# TRY IT
Each line from the one containing "(OUT); also elsewhere on the board" through the final line below must be reproduced exactly, and no others.
━━━ DATA SHOWN ━━━
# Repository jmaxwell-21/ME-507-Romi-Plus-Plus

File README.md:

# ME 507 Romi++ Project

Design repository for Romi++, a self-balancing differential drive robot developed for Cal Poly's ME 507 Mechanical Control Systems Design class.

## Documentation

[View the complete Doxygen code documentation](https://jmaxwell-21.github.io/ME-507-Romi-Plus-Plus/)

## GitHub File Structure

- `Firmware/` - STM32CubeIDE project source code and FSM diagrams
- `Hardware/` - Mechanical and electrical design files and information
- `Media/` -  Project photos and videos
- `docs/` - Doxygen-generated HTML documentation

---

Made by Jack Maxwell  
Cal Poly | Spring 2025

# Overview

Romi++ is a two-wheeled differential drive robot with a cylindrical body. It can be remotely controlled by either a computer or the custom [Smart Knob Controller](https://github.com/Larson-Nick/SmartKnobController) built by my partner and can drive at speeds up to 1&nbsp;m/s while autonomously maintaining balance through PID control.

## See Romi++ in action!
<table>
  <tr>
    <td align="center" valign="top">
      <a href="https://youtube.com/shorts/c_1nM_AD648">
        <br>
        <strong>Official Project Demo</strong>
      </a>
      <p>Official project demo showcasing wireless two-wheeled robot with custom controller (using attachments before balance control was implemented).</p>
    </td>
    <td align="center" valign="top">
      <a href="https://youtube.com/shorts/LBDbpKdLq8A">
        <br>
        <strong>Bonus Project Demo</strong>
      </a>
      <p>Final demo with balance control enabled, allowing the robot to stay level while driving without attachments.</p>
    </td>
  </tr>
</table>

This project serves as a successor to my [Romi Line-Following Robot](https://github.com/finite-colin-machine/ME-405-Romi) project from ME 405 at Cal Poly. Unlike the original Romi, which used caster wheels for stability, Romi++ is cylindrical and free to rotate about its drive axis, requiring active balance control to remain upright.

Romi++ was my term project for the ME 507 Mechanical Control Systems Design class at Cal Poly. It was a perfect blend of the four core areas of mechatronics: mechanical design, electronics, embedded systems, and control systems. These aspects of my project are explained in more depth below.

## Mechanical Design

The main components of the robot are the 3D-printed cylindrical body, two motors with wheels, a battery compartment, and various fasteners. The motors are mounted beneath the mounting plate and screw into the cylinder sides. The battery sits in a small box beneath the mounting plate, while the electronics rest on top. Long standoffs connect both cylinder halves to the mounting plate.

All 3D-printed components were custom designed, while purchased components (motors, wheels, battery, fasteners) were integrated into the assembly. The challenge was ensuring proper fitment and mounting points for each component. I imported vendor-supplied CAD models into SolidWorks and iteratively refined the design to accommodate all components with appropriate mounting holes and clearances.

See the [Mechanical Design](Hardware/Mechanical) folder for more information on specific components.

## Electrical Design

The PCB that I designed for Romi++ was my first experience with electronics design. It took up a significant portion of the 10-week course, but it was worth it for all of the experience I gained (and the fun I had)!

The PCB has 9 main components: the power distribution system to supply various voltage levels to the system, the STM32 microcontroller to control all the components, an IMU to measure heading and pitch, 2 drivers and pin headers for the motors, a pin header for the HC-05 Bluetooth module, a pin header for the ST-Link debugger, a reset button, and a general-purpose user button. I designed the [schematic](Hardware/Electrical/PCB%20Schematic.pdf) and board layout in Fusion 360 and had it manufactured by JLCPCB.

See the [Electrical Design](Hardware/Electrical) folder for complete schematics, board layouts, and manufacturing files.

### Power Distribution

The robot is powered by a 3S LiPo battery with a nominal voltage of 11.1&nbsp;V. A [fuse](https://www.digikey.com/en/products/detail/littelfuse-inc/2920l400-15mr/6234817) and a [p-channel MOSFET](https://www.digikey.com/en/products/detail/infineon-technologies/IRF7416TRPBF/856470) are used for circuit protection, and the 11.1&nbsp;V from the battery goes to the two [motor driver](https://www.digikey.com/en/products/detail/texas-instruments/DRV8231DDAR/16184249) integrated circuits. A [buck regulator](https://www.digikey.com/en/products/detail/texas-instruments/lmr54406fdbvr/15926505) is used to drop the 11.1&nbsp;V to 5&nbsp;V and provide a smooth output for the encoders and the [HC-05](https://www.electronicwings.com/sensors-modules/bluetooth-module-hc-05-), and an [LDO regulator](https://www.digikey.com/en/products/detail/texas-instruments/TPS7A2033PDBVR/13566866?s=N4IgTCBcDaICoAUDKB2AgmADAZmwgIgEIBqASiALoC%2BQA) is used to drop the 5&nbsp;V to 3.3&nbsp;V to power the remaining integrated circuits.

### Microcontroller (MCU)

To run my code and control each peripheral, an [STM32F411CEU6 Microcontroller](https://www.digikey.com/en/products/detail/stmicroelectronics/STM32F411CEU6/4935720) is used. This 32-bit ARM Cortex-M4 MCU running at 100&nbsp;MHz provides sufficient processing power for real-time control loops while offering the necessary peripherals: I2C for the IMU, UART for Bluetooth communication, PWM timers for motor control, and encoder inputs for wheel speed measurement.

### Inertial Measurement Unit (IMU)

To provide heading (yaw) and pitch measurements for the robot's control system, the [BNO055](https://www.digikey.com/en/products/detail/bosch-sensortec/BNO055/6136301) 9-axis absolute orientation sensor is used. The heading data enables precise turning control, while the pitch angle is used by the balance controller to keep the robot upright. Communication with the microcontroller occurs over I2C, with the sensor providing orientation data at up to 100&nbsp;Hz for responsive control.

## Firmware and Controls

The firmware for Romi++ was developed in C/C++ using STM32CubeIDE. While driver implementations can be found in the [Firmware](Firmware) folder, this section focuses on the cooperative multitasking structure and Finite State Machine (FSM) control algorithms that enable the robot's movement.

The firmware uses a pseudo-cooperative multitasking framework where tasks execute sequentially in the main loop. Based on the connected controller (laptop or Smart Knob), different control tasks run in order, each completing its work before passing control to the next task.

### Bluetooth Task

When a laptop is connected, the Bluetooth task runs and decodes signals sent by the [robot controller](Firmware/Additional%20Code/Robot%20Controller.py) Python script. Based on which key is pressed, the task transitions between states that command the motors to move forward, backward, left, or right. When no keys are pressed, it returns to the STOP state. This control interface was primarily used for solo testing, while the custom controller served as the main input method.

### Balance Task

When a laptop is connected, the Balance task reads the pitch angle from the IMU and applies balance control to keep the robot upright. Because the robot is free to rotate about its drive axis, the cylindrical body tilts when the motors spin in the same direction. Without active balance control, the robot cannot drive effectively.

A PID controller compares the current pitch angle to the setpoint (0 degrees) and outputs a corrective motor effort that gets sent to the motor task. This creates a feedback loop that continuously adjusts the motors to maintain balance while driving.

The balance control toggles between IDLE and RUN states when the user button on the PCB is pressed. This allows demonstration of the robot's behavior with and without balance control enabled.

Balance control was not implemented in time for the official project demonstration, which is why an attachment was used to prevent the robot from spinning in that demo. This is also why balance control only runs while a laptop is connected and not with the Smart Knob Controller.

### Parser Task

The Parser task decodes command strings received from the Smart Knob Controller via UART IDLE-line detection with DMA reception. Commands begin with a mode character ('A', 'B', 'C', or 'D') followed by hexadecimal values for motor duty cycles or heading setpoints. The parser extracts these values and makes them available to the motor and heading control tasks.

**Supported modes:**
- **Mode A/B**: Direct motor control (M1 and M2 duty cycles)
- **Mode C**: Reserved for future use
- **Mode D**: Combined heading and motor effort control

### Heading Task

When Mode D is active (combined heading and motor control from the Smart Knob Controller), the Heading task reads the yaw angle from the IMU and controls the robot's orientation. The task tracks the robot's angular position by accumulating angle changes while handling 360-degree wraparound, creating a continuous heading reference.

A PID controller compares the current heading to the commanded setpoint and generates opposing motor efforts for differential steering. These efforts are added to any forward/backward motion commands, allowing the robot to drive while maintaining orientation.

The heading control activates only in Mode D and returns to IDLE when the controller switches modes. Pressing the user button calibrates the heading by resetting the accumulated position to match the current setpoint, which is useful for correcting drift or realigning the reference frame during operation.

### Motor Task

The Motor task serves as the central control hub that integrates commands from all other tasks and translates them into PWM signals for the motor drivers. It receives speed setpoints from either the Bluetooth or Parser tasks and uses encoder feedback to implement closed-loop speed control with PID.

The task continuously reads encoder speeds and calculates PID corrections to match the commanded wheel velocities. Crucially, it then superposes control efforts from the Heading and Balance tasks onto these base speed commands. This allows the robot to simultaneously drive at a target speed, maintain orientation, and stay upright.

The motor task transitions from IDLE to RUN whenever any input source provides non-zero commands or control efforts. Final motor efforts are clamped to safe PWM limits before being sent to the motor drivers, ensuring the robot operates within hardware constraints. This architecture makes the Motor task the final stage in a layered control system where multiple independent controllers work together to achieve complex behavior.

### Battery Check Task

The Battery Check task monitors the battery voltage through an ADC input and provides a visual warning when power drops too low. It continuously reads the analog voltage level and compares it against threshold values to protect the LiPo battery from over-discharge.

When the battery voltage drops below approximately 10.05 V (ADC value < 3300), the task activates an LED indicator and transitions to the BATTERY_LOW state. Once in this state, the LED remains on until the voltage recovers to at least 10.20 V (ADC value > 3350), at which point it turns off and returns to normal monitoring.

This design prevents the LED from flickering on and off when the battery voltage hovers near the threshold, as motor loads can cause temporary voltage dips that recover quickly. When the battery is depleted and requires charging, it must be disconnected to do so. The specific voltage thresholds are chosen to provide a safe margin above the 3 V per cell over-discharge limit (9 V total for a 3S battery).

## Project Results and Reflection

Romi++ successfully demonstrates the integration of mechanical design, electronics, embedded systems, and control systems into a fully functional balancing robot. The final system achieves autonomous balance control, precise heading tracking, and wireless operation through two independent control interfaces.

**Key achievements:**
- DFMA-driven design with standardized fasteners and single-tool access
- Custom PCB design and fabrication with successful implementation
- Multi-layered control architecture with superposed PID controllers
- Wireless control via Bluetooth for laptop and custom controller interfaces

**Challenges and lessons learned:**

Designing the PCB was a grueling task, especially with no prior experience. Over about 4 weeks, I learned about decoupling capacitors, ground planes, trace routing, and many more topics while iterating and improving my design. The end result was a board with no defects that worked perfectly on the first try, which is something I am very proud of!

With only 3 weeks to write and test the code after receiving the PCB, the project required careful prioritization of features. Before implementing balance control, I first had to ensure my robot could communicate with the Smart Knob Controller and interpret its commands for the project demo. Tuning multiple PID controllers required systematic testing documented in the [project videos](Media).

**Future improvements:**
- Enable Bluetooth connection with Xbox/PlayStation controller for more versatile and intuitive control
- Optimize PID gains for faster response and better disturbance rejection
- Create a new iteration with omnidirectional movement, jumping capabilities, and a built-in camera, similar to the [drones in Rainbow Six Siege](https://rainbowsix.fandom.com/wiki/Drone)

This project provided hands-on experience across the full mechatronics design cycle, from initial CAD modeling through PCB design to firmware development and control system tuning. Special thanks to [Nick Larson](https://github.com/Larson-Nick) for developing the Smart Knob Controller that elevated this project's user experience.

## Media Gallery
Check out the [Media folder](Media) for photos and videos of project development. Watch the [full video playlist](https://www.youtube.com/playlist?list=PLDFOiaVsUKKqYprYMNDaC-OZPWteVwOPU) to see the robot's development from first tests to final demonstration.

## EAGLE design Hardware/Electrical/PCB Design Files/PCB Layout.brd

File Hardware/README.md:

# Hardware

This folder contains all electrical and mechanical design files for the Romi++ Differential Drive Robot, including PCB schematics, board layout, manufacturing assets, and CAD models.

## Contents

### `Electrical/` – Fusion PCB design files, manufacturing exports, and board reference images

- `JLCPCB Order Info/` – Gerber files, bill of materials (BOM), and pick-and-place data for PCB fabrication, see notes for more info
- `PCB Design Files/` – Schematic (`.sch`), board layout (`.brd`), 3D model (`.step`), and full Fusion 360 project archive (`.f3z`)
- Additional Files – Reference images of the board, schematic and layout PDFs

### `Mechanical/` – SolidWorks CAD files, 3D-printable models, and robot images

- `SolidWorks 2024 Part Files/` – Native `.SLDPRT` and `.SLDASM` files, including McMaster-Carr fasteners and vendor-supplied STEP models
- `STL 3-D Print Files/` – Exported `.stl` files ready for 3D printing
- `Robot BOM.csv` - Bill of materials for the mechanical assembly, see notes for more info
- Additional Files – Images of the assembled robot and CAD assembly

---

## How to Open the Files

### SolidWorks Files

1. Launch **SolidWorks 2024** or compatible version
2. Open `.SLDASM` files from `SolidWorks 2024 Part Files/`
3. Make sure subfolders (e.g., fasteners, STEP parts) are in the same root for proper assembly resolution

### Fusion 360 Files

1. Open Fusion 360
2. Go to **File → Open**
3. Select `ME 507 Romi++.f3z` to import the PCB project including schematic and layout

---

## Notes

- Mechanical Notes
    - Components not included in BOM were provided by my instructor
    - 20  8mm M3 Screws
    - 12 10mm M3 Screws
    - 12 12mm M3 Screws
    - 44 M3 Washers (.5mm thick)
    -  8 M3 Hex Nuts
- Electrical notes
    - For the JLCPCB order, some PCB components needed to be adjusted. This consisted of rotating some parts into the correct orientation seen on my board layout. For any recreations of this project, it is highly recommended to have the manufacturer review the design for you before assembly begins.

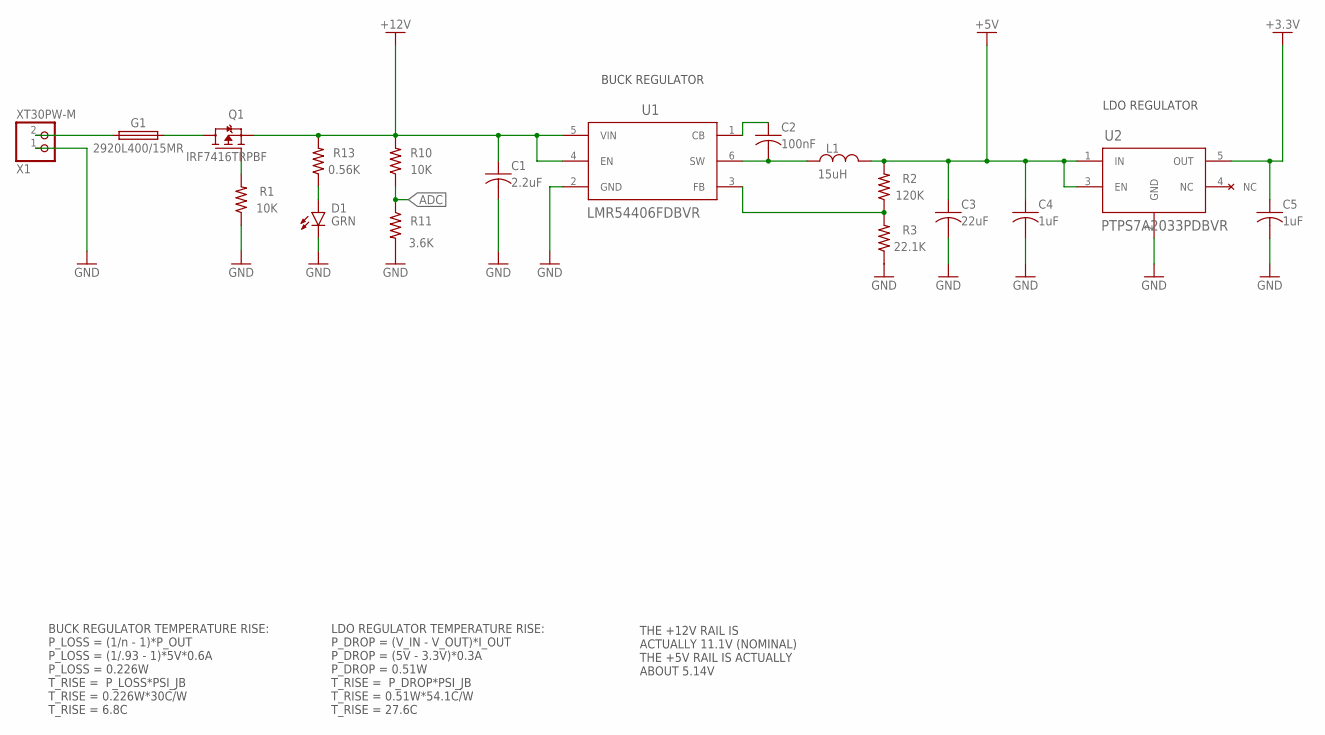
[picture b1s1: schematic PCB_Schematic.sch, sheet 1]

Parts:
C1: 2.2uF; CAPC2012X110
C2: 100nF; CAPC1608X85
C3: 22uF; CAPC3216X135
C4, C5: 1uF; CAPC2012X110
D1: GRN; LEDC2012X110N_FLAT-G
G1: 2920L400/15MR; FUSC7351X160
L1: 15uH; IND_XGL4040_COC
Q1: IRF7416TRPBF; SO-8
R1, R10: 10K; RESC2012X65
R2: 120K; RESC2012X65
R3: 22.1K; RESC2012X65
R11: 3.6K; RESC1608X60
R13: 0.56K; RESC3224X71
U1: LMR54406FDBVR; LMR54406DBVR_TEX
U2: PTPS7A2033PDBVR; DBV0005A-MFG
X1: XT30PW-M

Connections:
+3.3V: C5.1, U2.5 (OUT); also elsewhere on the board
+5V: C3.1, C4.1, L1.2, R2.2, U2.1 (IN), U2.3 (EN); also elsewhere on the board
+12V: C1.1, Q1.1 (S), Q1.2 (S), Q1.3 (S), R10.2, R13.2, U1.4 (EN), U1.5 (VIN); also elsewhere on the board
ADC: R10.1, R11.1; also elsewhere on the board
━━━
# ANSWER BELOW
+3.3V: C5.1, U2.5 (OUT); also elsewhere on the board
+5V: C3.1, C4.1, L1.2, R2.2, U2.1 (IN), U2.3 (EN); also elsewhere on the board
+12V: C1.1, Q1.1 (S), Q1.2 (S), Q1.3 (S), R10.2, R13.2, U1.4 (EN), U1.5 (VIN); also elsewhere on the board
ADC: R10.1, R11.1; also elsewhere on the board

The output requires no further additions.